▸ Aim of the exercise:
Could you write out, word for word, only the lines from the one containing "# Sketch24 → Boss-Extrude8 (add)" through the last line of the data below?

Top of Source material

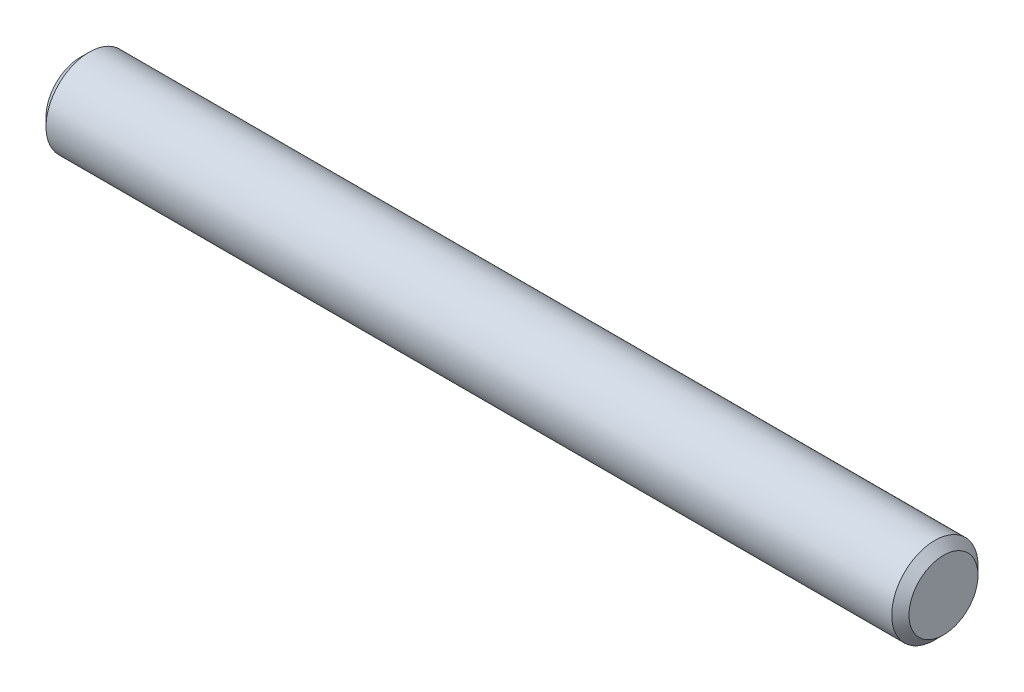
from build123d import *

# Parameters (mm, degrees)
EXTRUDE1_DEPTH      = 3.96875
EXTRUDE1_DEPTH_BACK = 3.96875
SKETCH2_R           = 0.396875
CHAMFER1_SIZE       = 0.079375


with BuildPart() as part:
    # Sketch2 → Extrude1 (new, two sides: drawn at the far end of the back side and taken through both)
    with BuildSketch(Plane(origin=(0, 0, 0), x_dir=(0, 0, -1), z_dir=(1, 0, 0)).offset(-EXTRUDE1_DEPTH_BACK)):
        Circle(SKETCH2_R)
    extrude(amount=EXTRUDE1_DEPTH + EXTRUDE1_DEPTH_BACK)

    # Chamfer1
    chamfer1_edges = [part.edges().sort_by_distance(p)[0] for p in [
        (-3.96875, 0, 0.396875),
        (3.96875, 0, 0.396875),
    ]]
    chamfer(chamfer1_edges, length=CHAMFER1_SIZE)


solid = part.part
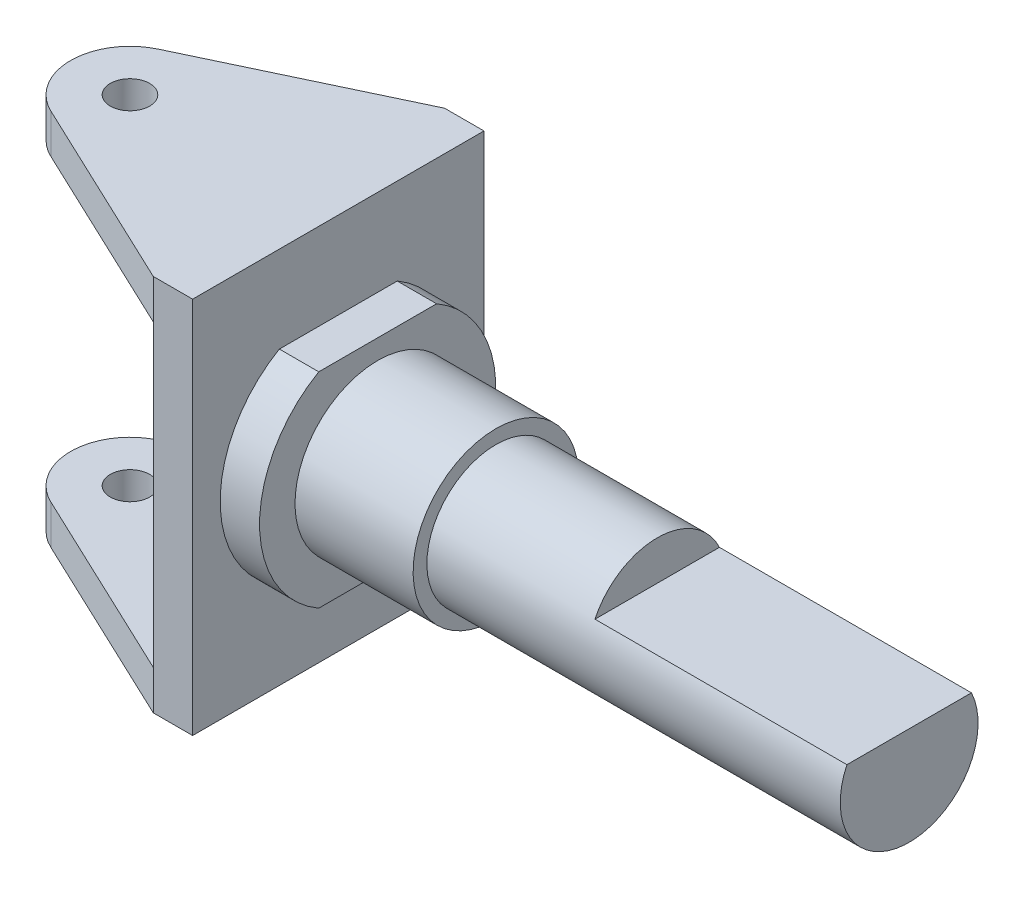
from build123d import *

# Parameters (mm, degrees)
EXTRUDE_THIN1_DEPTH     = 37
CUT_EXTRUDE1_DEPTH      = 119.105884697
CUT_EXTRUDE1_DEPTH_BACK = 119.105884697
SKETCH2_3_R             = 5
CUT_EXTRUDE2_DEPTH      = 119.105884697
BOSS_EXTRUDE1_DEPTH     = 10
SKETCH4_R               = 21
BOSS_EXTRUDE2_DEPTH     = 30
SKETCH5_R               = 17.5
BOSS_EXTRUDE3_DEPTH     = 105
CUT_EXTRUDE3_START      = -64
CUT_EXTRUDE3_DEPTH      = 64


with BuildPart() as part:
    # Sketch1 → Extrude-Thin1 (new, symmetric)
    with BuildSketch(Plane.XY):
        Polygon((-58, -38), (0, -38), (0, 38), (-58, 38), (-58, 48), (10, 48), (10, -48), (-58, -48), align=None)
    extrude(amount=EXTRUDE_THIN1_DEPTH, both=True)

    # Sketch2 → Cut-Extrude1 (cut, two sides: drawn at the far end of the back side and taken through both)
    with BuildSketch(Plane(origin=(0, 48, 0), x_dir=(1, 0, 0), z_dir=(0, 1, 0)).offset(-CUT_EXTRUDE1_DEPTH_BACK)):
        with BuildLine():
            ThreePointArc((-49.370277543, -13.632170103), (-55.661234009, -8.067034306), (-58, 5.3e-08))
            Line((-58, 5.3e-08), (-58, -37))
            Line((-58, -37), (0, -37))
            Line((0, -37), (-49.370277543, -13.632170103))
        make_face()
        with BuildLine():
            Line((-49.370277543, 13.632170103), (0, 37))
            Line((0, 37), (-58, 37))
            Line((-58, 37), (-58, 5.3e-08))
            ThreePointArc((-58, 5.3e-08), (-55.661233981, 8.06703435), (-49.370277543, 13.632170103))
        make_face()
    extrude(amount=CUT_EXTRUDE1_DEPTH + CUT_EXTRUDE1_DEPTH_BACK, mode=Mode.SUBTRACT)

    # Sketch2<3> → Cut-Extrude2 (cut, through all)
    with BuildSketch(Plane(origin=(0, 48, 0), x_dir=(1, 0, 0), z_dir=(0, 1, 0))):
        with Locations((-42.917929128, 0)):
            Circle(SKETCH2_3_R)
    extrude(amount=-CUT_EXTRUDE2_DEPTH, mode=Mode.SUBTRACT)

    # Sketch3 → Boss-Extrude1 (add)
    with BuildSketch(Plane(origin=(10, 0, 0), x_dir=(0, 0, -1), z_dir=(1, 0, 0))):
        with BuildLine():
            Line((-14.966629547, 26), (14.966629547, 26))
            ThreePointArc((14.966629547, 26), (30, 0), (14.966629547, -26))
            Line((14.966629547, -26), (-14.966629547, -26))
            ThreePointArc((-14.966629547, -26), (-30, 0), (-14.966629547, 26))
        make_face()
    extrude(amount=BOSS_EXTRUDE1_DEPTH)

    # Sketch4 → Boss-Extrude2 (add)
    with BuildSketch(Plane(origin=(20, 0, 0), x_dir=(0, 0, -1), z_dir=(1, 0, 0))):
        Circle(SKETCH4_R)
    extrude(amount=BOSS_EXTRUDE2_DEPTH)

    # Sketch5 → Boss-Extrude3 (add)
    with BuildSketch(Plane(origin=(50, 0, 0), x_dir=(0, 0, -1), z_dir=(1, 0, 0))):
        Circle(SKETCH5_R)
    extrude(amount=BOSS_EXTRUDE3_DEPTH)

    # Sketch6 → Cut-Extrude3 (cut)
    with BuildSketch(Plane(origin=(155, 0, 0), x_dir=(0, 0, -1), z_dir=(1, 0, 0)).offset(CUT_EXTRUDE3_START)):
        with BuildLine():
            Line((-15.811388301, 7.5), (15.811388301, 7.5))
            ThreePointArc((15.811388301, 7.5), (0, 17.5), (-15.811388301, 7.5))
        make_face()
    extrude(amount=CUT_EXTRUDE3_DEPTH, mode=Mode.SUBTRACT)


solid = part.part
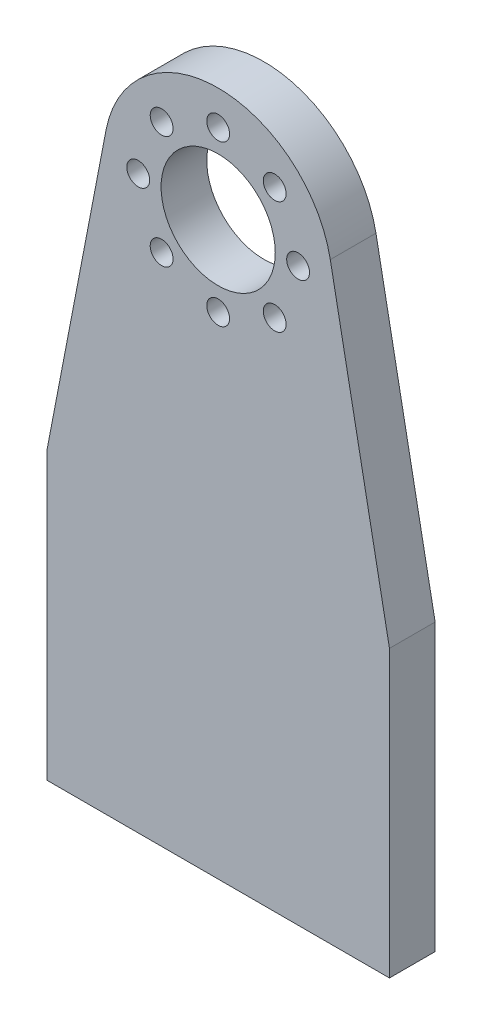
from build123d import *

# Parameters (mm, degrees)
SKETCH1_R           = 1
SKETCH1_R_2         = 5
BOSS_EXTRUDE1_DEPTH = 4


with BuildPart() as part:
    # Sketch1 → Boss-Extrude1 (new body)
    with BuildSketch(Plane.XY):
        with BuildLine():
            Line((-15, -7.896321871), (-9.819449375, 18.995347754))
            ThreePointArc((-9.819449375, 18.995347754), (0, 27.103678129), (9.819449375, 18.995347754))
            Line((9.819449375, 18.995347754), (15, -7.896321871))
            Line((15, -7.896321871), (15, -32.896321871))
            Line((15, -32.896321871), (-15, -32.896321871))
            Line((-15, -32.896321871), (-15, -7.896321871))
        make_face()
        with Locations((0, 24.103678129)):
            Circle(SKETCH1_R, mode=Mode.SUBTRACT)
        with Locations((4.949747468, 22.053425597)):
            Circle(SKETCH1_R, mode=Mode.SUBTRACT)
        with Locations((7, 17.103678129)):
            Circle(SKETCH1_R, mode=Mode.SUBTRACT)
        with Locations((4.949747468, 12.153930661)):
            Circle(SKETCH1_R, mode=Mode.SUBTRACT)
        with Locations((0, 10.103678129)):
            Circle(SKETCH1_R, mode=Mode.SUBTRACT)
        with Locations((-4.949747468, 12.153930661)):
            Circle(SKETCH1_R, mode=Mode.SUBTRACT)
        with Locations((-7, 17.103678129)):
            Circle(SKETCH1_R, mode=Mode.SUBTRACT)
        with Locations((-4.949747468, 22.053425597)):
            Circle(SKETCH1_R, mode=Mode.SUBTRACT)
        with Locations((0, 17.103678129)):
            Circle(SKETCH1_R_2, mode=Mode.SUBTRACT)
    extrude(amount=BOSS_EXTRUDE1_DEPTH)


solid = part.part
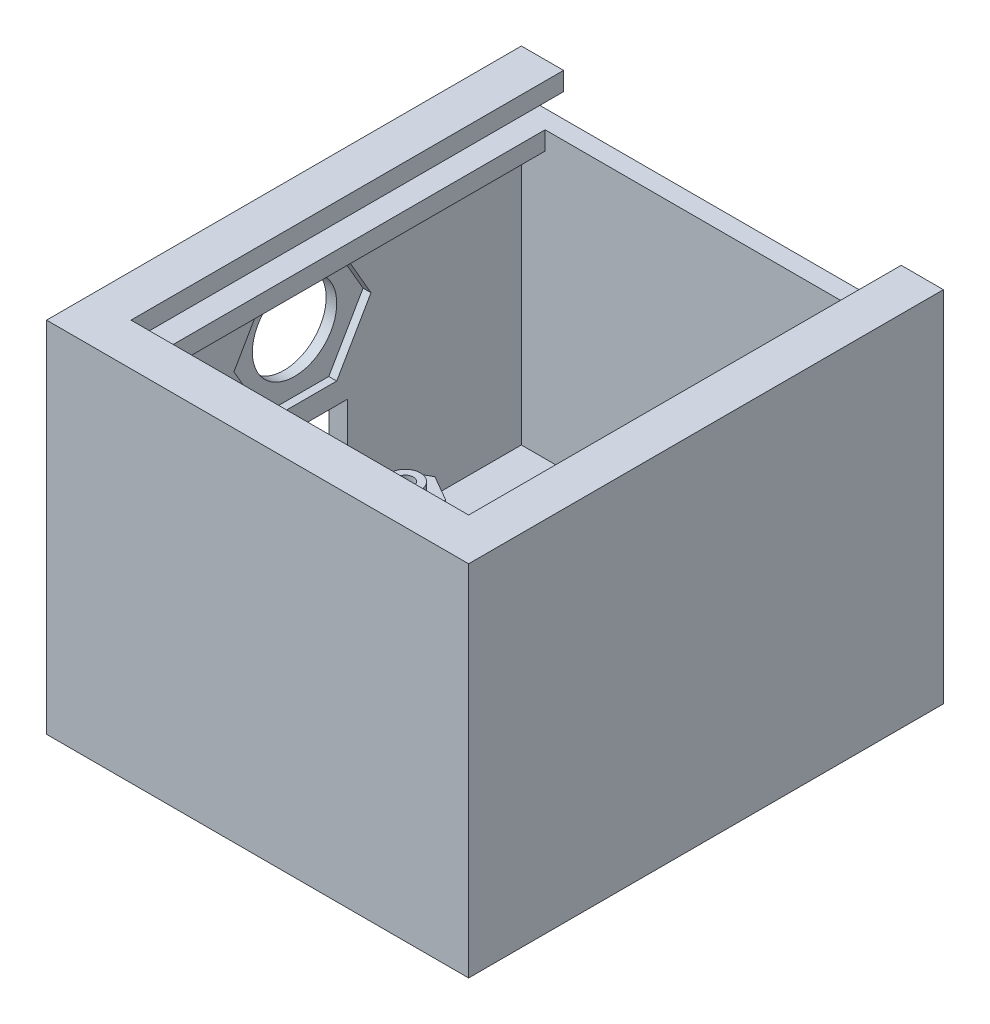
from build123d import *

# Parameters (mm, degrees)
SKETCH1_W               = 80
SKETCH1_H               = 90
BOSS_EXTRUDE1_DEPTH     = 6
SKETCH4_W               = 80
SKETCH4_H               = 90
SKETCH4_W_2             = 73
SKETCH4_H_2             = 83
BOSS_EXTRUDE2_DEPTH     = 54
SKETCH6_R               = 4.05
SKETCH6_R_2             = 5
CUT_EXTRUDE1_DEPTH      = 40
SKETCH7_R               = 7
CUT_EXTRUDE2_DEPTH      = 2.8
BOSS_EXTRUDE3_DEPTH     = 7
SKETCH11_R              = 2.85
BOSS_EXTRUDE4_DEPTH     = 2
CUT_EXTRUDE3_DEPTH      = 9
CUT_EXTRUDE3_DEPTH_BACK = 6
SKETCH5_R               = 1.5
CUT_EXTRUDE4_DEPTH      = 6
CUT_EXTRUDE4_DEPTH_BACK = 81.876448982
SKETCH12_W              = 17
SKETCH12_H              = 13.5
CUT_EXTRUDE6_DEPTH      = 3.5
SKETCH17_R              = 8
CUT_EXTRUDE8_DEPTH      = 2
CUT_EXTRUDE9_DEPTH      = 1.5
CUT_EXTRUDE10_DEPTH     = 10
BOSS_EXTRUDE5_DEPTH     = 90
BOSS_EXTRUDE5_2_DEPTH   = 90
SKETCH21_W              = 3.5
SKETCH21_H              = 8
BOSS_EXTRUDE6_DEPTH     = 80
SKETCH22_W              = 80
SKETCH22_H              = 3.5
BOSS_EXTRUDE7_DEPTH     = 4.5
SKETCH24_W              = 8
SKETCH24_H              = 3.5
BOSS_EXTRUDE8_DEPTH     = 90
SKETCH26_R              = 2
CUT_EXTRUDE11_DEPTH     = 3.5


with BuildPart() as part:
    # Sketch1 → Boss-Extrude1 (new body)
    with BuildSketch(Plane(origin=(0, 0, 0), x_dir=(1, 0, 0), z_dir=(0, 1, 0))):
        Rectangle(SKETCH1_W, SKETCH1_H)
    extrude(amount=BOSS_EXTRUDE1_DEPTH)

    # Sketch4 → Boss-Extrude2 (add)
    with BuildSketch(Plane(origin=(0, 6, 0), x_dir=(1, 0, 0), z_dir=(0, 1, 0))):
        Rectangle(SKETCH4_W, SKETCH4_H)
        Rectangle(SKETCH4_W_2, SKETCH4_H_2, mode=Mode.SUBTRACT)
    extrude(amount=BOSS_EXTRUDE2_DEPTH)

    # Sketch6 → Cut-Extrude1 (cut)
    with BuildSketch(Plane(origin=(0, 6, 0), x_dir=(1, 0, 0), z_dir=(0, 1, 0))):
        with Locations(Location((-20, 25, 0), (0, 0, 270))):
            Circle(SKETCH6_R)
        with Locations(Location((-20, -25, 0), (0, 0, 270))):
            Circle(SKETCH6_R)
        with Locations(Location((20, -25, 0), (0, 0, 270))):
            Circle(SKETCH6_R_2)
    extrude(amount=-CUT_EXTRUDE1_DEPTH, mode=Mode.SUBTRACT)

    # Sketch7 → Cut-Extrude2 (cut)
    with BuildSketch(Plane(origin=(0, 6, 0), x_dir=(1, 0, 0), z_dir=(0, 1, 0))):
        with Locations(Location((-20, 25, 0), (0, 0, 270))):
            Circle(SKETCH7_R)
        with Locations(Location((-20, -25, 0), (0, 0, 270))):
            Circle(SKETCH7_R)
    extrude(amount=-CUT_EXTRUDE2_DEPTH, mode=Mode.SUBTRACT)

    # Sketch10 → Boss-Extrude3 (add)
    with BuildSketch(Plane(origin=(0, 6, 0), x_dir=(1, 0, 0), z_dir=(0, 1, 0))):
        Polygon((-32.5, 21.100297611), (-37.35, 18.300148806), (-37.35, 12.699851194), (-32.5, 9.899702389), (-27.65, 12.699851194), (-27.65, 18.300148806), align=None)
        Polygon((-27.65, -12.699851194), (-32.5, -9.899702389), (-37.35, -12.699851194), (-37.35, -18.300148806), (-32.5, -21.100297611), (-27.65, -18.300148806), align=None)
    extrude(amount=BOSS_EXTRUDE3_DEPTH)

    # Sketch11 → Boss-Extrude4 (add)
    with BuildSketch(Plane(origin=(0, 13, 0), x_dir=(1, 0, 0), z_dir=(0, 1, 0))):
        with Locations(Location((-32.5, 15.5, 0), (0, 0, 270))):
            Circle(SKETCH11_R)
        with Locations(Location((-32.5, -15.5, 0), (0, 0, 270))):
            Circle(SKETCH11_R)
    extrude(amount=BOSS_EXTRUDE4_DEPTH)

    # Sketch5 → Cut-Extrude3 (cut, two sides: drawn at the far end of the back side and taken through both)
    with BuildSketch(Plane(origin=(0, 6, 0), x_dir=(1, 0, 0), z_dir=(0, 1, 0)).offset(-CUT_EXTRUDE3_DEPTH_BACK)):
        with Locations(Location((-32.5, 15.5, 0), (0, 0, 270))):
            Circle(SKETCH5_R)
        with Locations(Location((-32.5, -15.5, 0), (0, 0, 270))):
            Circle(SKETCH5_R)
    extrude(amount=CUT_EXTRUDE3_DEPTH + CUT_EXTRUDE3_DEPTH_BACK, mode=Mode.SUBTRACT)

    # Sketch8 → Cut-Extrude4 (cut, two sides: drawn at the far end of the back side and taken through both)
    with BuildSketch(Plane(origin=(0, 6, 0), x_dir=(1, 0, 0), z_dir=(0, 1, 0)).offset(-CUT_EXTRUDE4_DEPTH_BACK)):
        Polygon((-29.65, 17.145448267), (-32.5, 18.790896534), (-35.35, 17.145448267), (-35.35, 13.854551733), (-32.5, 12.209103466), (-29.65, 13.854551733), align=None)
        Polygon((-29.65, -13.854551733), (-32.5, -12.209103466), (-35.35, -13.854551733), (-35.35, -17.145448267), (-32.5, -18.790896534), (-29.65, -17.145448267), align=None)
    extrude(amount=CUT_EXTRUDE4_DEPTH + CUT_EXTRUDE4_DEPTH_BACK, mode=Mode.SUBTRACT)

    # Sketch12 → Cut-Extrude6 (cut)
    with BuildSketch(Plane(origin=(-36.5, 0, 0), x_dir=(0, 0, -1), z_dir=(1, 0, 0))):
        with Locations((0, 23.25)):
            Rectangle(SKETCH12_W, SKETCH12_H)
    extrude(amount=-CUT_EXTRUDE6_DEPTH, mode=Mode.SUBTRACT)

    # Sketch17 → Cut-Extrude8 (cut)
    with BuildSketch(Plane.ZY.offset(40)):
        with Locations((0, 45.25)):
            Circle(SKETCH17_R)
    extrude(amount=-CUT_EXTRUDE8_DEPTH, mode=Mode.SUBTRACT)

    # Sketch15 → Cut-Extrude9 (cut)
    with BuildSketch(Plane(origin=(-36.5, 0, 0), x_dir=(0, 0, -1), z_dir=(1, 0, 0))):
        Polygon((-6.495190528, 56.5), (-12.990381057, 45.25), (-6.495190528, 34), (6.495190528, 34), (12.990381057, 45.25), (6.495190528, 56.5), align=None)
    extrude(amount=-CUT_EXTRUDE9_DEPTH, mode=Mode.SUBTRACT)

    # Sketch19 → Cut-Extrude10 (cut)
    with BuildSketch(Plane(origin=(0, 6, 0), x_dir=(1, 0, 0), z_dir=(0, 1, 0))):
        with BuildLine():
            Line((-3.5, -5.5), (-3.5, 5.5))
            ThreePointArc((-3.5, 5.5), (0, 9), (3.5, 5.5))
            Line((3.5, 5.5), (3.5, -5.5))
            ThreePointArc((3.5, -5.5), (0, -9), (-3.5, -5.5))
        make_face()
    extrude(amount=-CUT_EXTRUDE10_DEPTH, mode=Mode.SUBTRACT)



with BuildPart() as body_2:
    # Sketch20 → Boss-Extrude5 (new body)
    with BuildSketch(Plane(origin=(0, 0, -45), x_dir=(-1, 0, 0), z_dir=(0, 0, -1))):
        Polygon((-40, 60), (-36.5, 60), (-36.5, 64.5), (-32, 64.5), (-32, 68), (-40, 68), align=None)
    extrude(amount=-BOSS_EXTRUDE5_DEPTH)


with BuildPart() as body_3:
    # Sketch20 → Boss-Extrude5 2 (new body)
    with BuildSketch(Plane(origin=(0, 0, -45), x_dir=(-1, 0, 0), z_dir=(0, 0, -1))):
        Polygon((40, 60), (36.5, 60), (36.5, 64.5), (32, 64.5), (32, 68), (40, 68), align=None)
    extrude(amount=-BOSS_EXTRUDE5_2_DEPTH)


with BuildPart() as part_1:
    add(part.part)

    add(body_2.part)  # Boss-Extrude6 merges body 2
    # Sketch21 → Boss-Extrude6 (add)
    with BuildSketch(Plane(origin=(40, 0, 0), x_dir=(0, 0, -1), z_dir=(1, 0, 0))):
        with Locations((-43.25, 64)):
            Rectangle(SKETCH21_W, SKETCH21_H)
    extrude(amount=-BOSS_EXTRUDE6_DEPTH)


    add(body_3.part)  # Boss-Extrude7 merges body 3
    # Sketch22 → Boss-Extrude7 (add)
    with BuildSketch(Plane(origin=(0, 0, 41.5), x_dir=(-1, 0, 0), z_dir=(0, 0, -1))):
        with Locations((0, 66.25)):
            Rectangle(SKETCH22_W, SKETCH22_H)
    extrude(amount=BOSS_EXTRUDE7_DEPTH)

    # Sketch24 → Boss-Extrude8 (add)
    with BuildSketch(Plane.XY.offset(45)):
        with Locations((-36, 58.25)):
            Rectangle(SKETCH24_W, SKETCH24_H)
        with Locations((36, 58.25)):
            Rectangle(SKETCH24_W, SKETCH24_H)
    extrude(amount=-BOSS_EXTRUDE8_DEPTH)

    # Sketch26 → Cut-Extrude11 (cut)
    with BuildSketch(Plane.ZY.offset(40)):
        with Locations((16.5, 40)):
            Circle(SKETCH26_R)
        with Locations((33.5, 40)):
            Circle(SKETCH26_R)
        with BuildLine():
            Line((21.5, 42), (28.5, 42))
            ThreePointArc((28.5, 42), (30.5, 40), (28.5, 38))
            Line((28.5, 38), (21.5, 38))
            ThreePointArc((21.5, 38), (19.5, 40), (21.5, 42))
        make_face()
    extrude(amount=-CUT_EXTRUDE11_DEPTH, mode=Mode.SUBTRACT)


solid = part_1.part

Bottom of Source material

▸ The answer:
    # Sketch24 → Boss-Extrude8 (add)
    with BuildSketch(Plane.XY.offset(45)):
        with Locations((-36, 58.25)):
            Rectangle(SKETCH24_W, SKETCH24_H)
        with Locations((36, 58.25)):
            Rectangle(SKETCH24_W, SKETCH24_H)
    extrude(amount=-BOSS_EXTRUDE8_DEPTH)

    # Sketch26 → Cut-Extrude11 (cut)
    with BuildSketch(Plane.ZY.offset(40)):
        with Locations((16.5, 40)):
            Circle(SKETCH26_R)
        with Locations((33.5, 40)):
            Circle(SKETCH26_R)
        with BuildLine():
            Line((21.5, 42), (28.5, 42))
            ThreePointArc((28.5, 42), (30.5, 40), (28.5, 38))
            Line((28.5, 38), (21.5, 38))
            ThreePointArc((21.5, 38), (19.5, 40), (21.5, 42))
        make_face()
    extrude(amount=-CUT_EXTRUDE11_DEPTH, mode=Mode.SUBTRACT)


solid = part_1.part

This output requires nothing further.